I rated Lowe well enough to be an AB. Remember we were picking the likes of George Bridge above such players so theres no disputing a lot of bad decisions have been made by those last two coaches. Does a team like the ABs need a finicky winger who you have to adapt and change a lot of your style with to get benefit from? No, not really. But he still would have been a basic improvement on players like even Savea at the tail of his career, Bridge, and could even have converted into the answer of replacing Beauden at the back. Instead we persisted with NMS, Naholo, Havili, Reece, all players we would have cared even less about losing and all because Rieko had Lowe's number 11 jersey nailed down.


He was of course only 23 when he decided to leave, it was back in the beggining of the period they had started retaining players (from 2018 onwards I think, they came out saying theyre going to be more aggressive at some point). So he might, all of them, only just missed out.


The main point that Ed made is that situations like Lowe's, Aki's, JGP's, aren't going to happen in future. That's a bit of a "NZ" only problem, because those players need to reach such a high standard to be chosen by the All Blacks, were as a country like Ireland wants them a lot earlier like that. This is basically the 'ready in 3 years' concept Ireland relied on, versus the '5 years and they've left' concept' were that player is now ready to be chosen by the All Blacks (given a contract to play Super, ala SBW, and hopefully Manu).


The 'mercenary' thing that will take longer to expire, and which I was referring to, is the grandparents rule. The new kids coming through now aren't going to have as many gp born overseas, so the amount of players that can leave with a prospect of International rugby offer are going to drop dramatically at some point. All these kiwi fellas playing for a PI, is going to stop sadly.


The new era problem that will replace those old concerns is now French and Japanese clubs (doing the same as NRL teams have done for decades by) picking kids out of school. The problem here is not so much a national identity one, than it is a farm system where 9 in 10 players are left with nothing. A stunted education and no support in a foreign country (well they'll get kicked out of those countries were they don't in Australia).
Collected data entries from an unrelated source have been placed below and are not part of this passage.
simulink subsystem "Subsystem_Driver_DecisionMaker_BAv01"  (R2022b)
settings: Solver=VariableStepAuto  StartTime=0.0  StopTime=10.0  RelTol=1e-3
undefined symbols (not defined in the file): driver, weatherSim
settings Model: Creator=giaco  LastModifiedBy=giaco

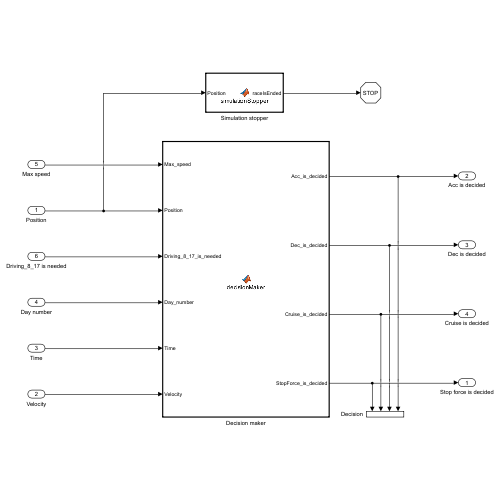
[thumbnail: Simulink's stored preview of the top-level diagram]
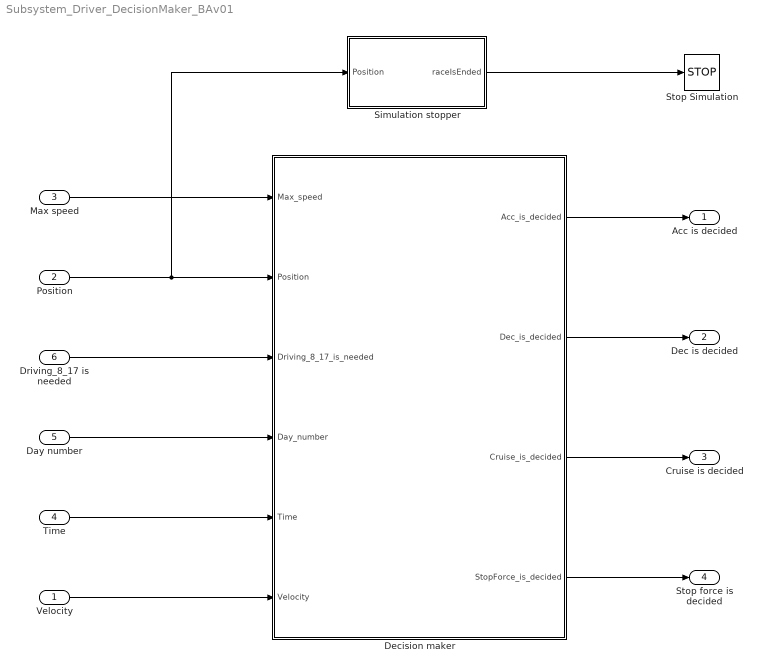
== system Subsystem_Driver_DecisionMaker_BAv01 ==
  Velocity : Inport
  Position : Inport  Port=2
  Max speed : Inport  Port=3
  Time : Inport  Port=4
  Day number : Inport  Port=5
  Driving_8_17 is needed : Inport  Port=6
  Decision maker : MATLAB Function  TreatAsAtomicUnit=on
  Simulation stopper : MATLAB Function  TreatAsAtomicUnit=on
  Stop Simulation : Stop
  Acc is decided : Outport
  Dec is decided : Outport  Port=2
  Cruise is decided : Outport  Port=3
  Stop force is decided : Outport  Port=4  OutDataTypeStr=boolean
  wires:
  Simulation stopper/1(raceIsEnded) -> Stop Simulation/1
  Velocity/1 -> Decision maker/6(Velocity)
  Driving_8_17 is needed/1 -> Decision maker/3(Driving_8_17_is_needed)
  Decision maker/3(Cruise_is_decided) -> Cruise is decided/1
  Position/1 -> Simulation stopper/1(Position), Decision maker/2(Position)
  Decision maker/2(Dec_is_decided) -> Dec is decided/1
  Time/1 -> Decision maker/5(Time)
  Decision maker/4(StopForce_is_decided) -> Stop force is decided/1
  Day number/1 -> Decision maker/4(Day_number)
  Max speed/1 -> Decision maker/1(Max_speed)
  Decision maker/1(Acc_is_decided) -> Acc is decided/1

== matlab function Subsystem_Driver_DecisionMaker_BAv01/Decision maker ==
  settings: updateMethod=DISCRETE
  data: Max_speed input; Position input; Driving_8_17_is_needed input; Day_number input; Time input; Velocity input; spaceStopIsOver data_store_memory; timeStopIsNeeded data_store_memory; spaceStopIsNeeded data_store_memory; driver parameter; spaceStopNumber data_store_memory; spaceStopIsStarted data_store_memory; Acc_is_decided output; Dec_is_decided output; Cruise_is_decided output; StopForce_is_decided output; spaceStopInitialTime data_store_memory; accInitialTime data_store_memory; accInitialVelocity data_store_memory; decInitialTime data_store_memory; decInitialVelocity data_store_memory; racingDayIsStarted data_store_memory; dayNumber data_store_memory; weatherSim parameter
function [Acc_is_decided, Dec_is_decided, Cruise_is_decided, StopForce_is_decided] = decisionMaker(Max_speed, Position, Driving_8_17_is_needed, Day_number, Time, Velocity, driver, weatherSim)

global racingDayIsStarted
global timeStopIsNeeded
global dayNumber

global spaceStopIsNeeded
global spaceStopIsStarted
global spaceStopIsOver
global spaceStopInitialTime
global spaceStopNumber

global accInitialTime
global accInitialVelocity
global decInitialTime
global decInitialVelocity

Acc_is_decided = false;
Dec_is_decided = false;
Cruise_is_decided = false;
StopForce_is_decided = false;

controlVelocity = min(driver.velRef, Max_speed);

%% Check for stops
% Time stops
stopTime = Time - Velocity ./ driver.decRef;

if ~timeStopIsNeeded && stopTime >= (weatherSim.irradiance.stopTimeSec(Day_number) - 60) %to be sure to stop on time
    timeStopIsNeeded = true;
    decInitialTime = Time; %initialization of time and velocity for ramp controller
    decInitialVelocity = Velocity;
end % if

% Space stops
stopDistance = Position - Velocity.^2 / (2 * driver.decRef);

if ~spaceStopIsNeeded && stopDistance >= driver.stopLocDist(spaceStopNumber)
    spaceStopIsNeeded = true;
    decInitialTime = Time; %initialization of time and velocity for ramp controller
    decInitialVelocity = Velocity;
    
    if spaceStopNumber < length(driver.stopLocDist) %omit last stop: stop simulation
        spaceStopNumber = spaceStopNumber + 1;
    end % if
end % if

%% Check for new racing day
if Driving_8_17_is_needed && Day_number == dayNumber
    racingDayIsStarted = true;
    timeStopIsNeeded = false;
    dayNumber = dayNumber + 1;
end % if

%% Select control options
%% Deceleration
if timeStopIsNeeded
    if Velocity > driver.velRefStop
        Dec_is_decided = true;
    else %if Velocity <= driver.velRefStop
        StopForce_is_decided = true;
        Dec_is_decided = false;
    end % if

elseif spaceStopIsNeeded
    if spaceStopIsStarted
        spaceStopDuration = Time - spaceStopInitialTime;
        if spaceStopDuration >= 30*60
            spaceStopIsNeeded = false;
            spaceStopIsStarted = false;
            spaceStopIsOver = true;
            Acc_is_decided = true;
            accInitialTime = Time;
            accInitialVelocity = Velocity;
        else
            StopForce_is_decided = true;
        end % if
    else
        if Velocity > driver.velRefStop
            Dec_is_decided = true;
        else %if Velocity < driver.velRefStop
            spaceStopIsStarted = true;
            spaceStopInitialTime = Time;
            StopForce_is_decided = true;
        end % if
    end % if

%% Acceleration
elseif racingDayIsStarted
    if Velocity < 0.9 * controlVelocity
        Acc_is_decided = true;
    else %if Velocity >= 0.9 * controlVelocity
        Cruise_is_decided = true;
        racingDayIsStarted = false;
    end % if

elseif spaceStopIsOver
    if Velocity < 0.9 * controlVelocity
        Acc_is_decided = true;
    else %if Velocity >= 0.9 * controlVelocity
        Cruise_is_decided = true;
        spaceStopIsOver = false;
    end % if

else
    Cruise_is_decided = true;
end % if

== matlab function Subsystem_Driver_DecisionMaker_BAv01/Simulation stopper ==
  data: Position input; raceIsEnded output; driver parameter
function raceIsEnded = simulationStopper(Position, driver)

raceIsEnded = false;

if Position >= driver.finishLocDist
    raceIsEnded = true;
end % if

It's the same sort of situation were NZ would be the big guy, but there weren't many downsides with it. The only one I can think was brought up but a poster on this site, I can't recall who it was, but he seemed to know a lot of kids coming from the Islands weren't really given the capability to fly back home during school xms holidays etc. That is probably something that should be fixed by the union. Otherwise getting someone like Fakatava over here for his last year of school definitely results in NZ being able to pick the cherries off the top but it also allows that player to develop and be able to represent Tonga and under age and possibly even later in his career. Where as a kid being taken from NZ is arguably going to be worse off in every respect other than perhaps money. Not going to develop as a person, not going to develop as a player as much, so I have a lotof sympathy for NZs case that I don't include them in that group but I certainly see where you're coming from and it encourages other countries to think they can do the same while not realising they're making a much worse experience/situation.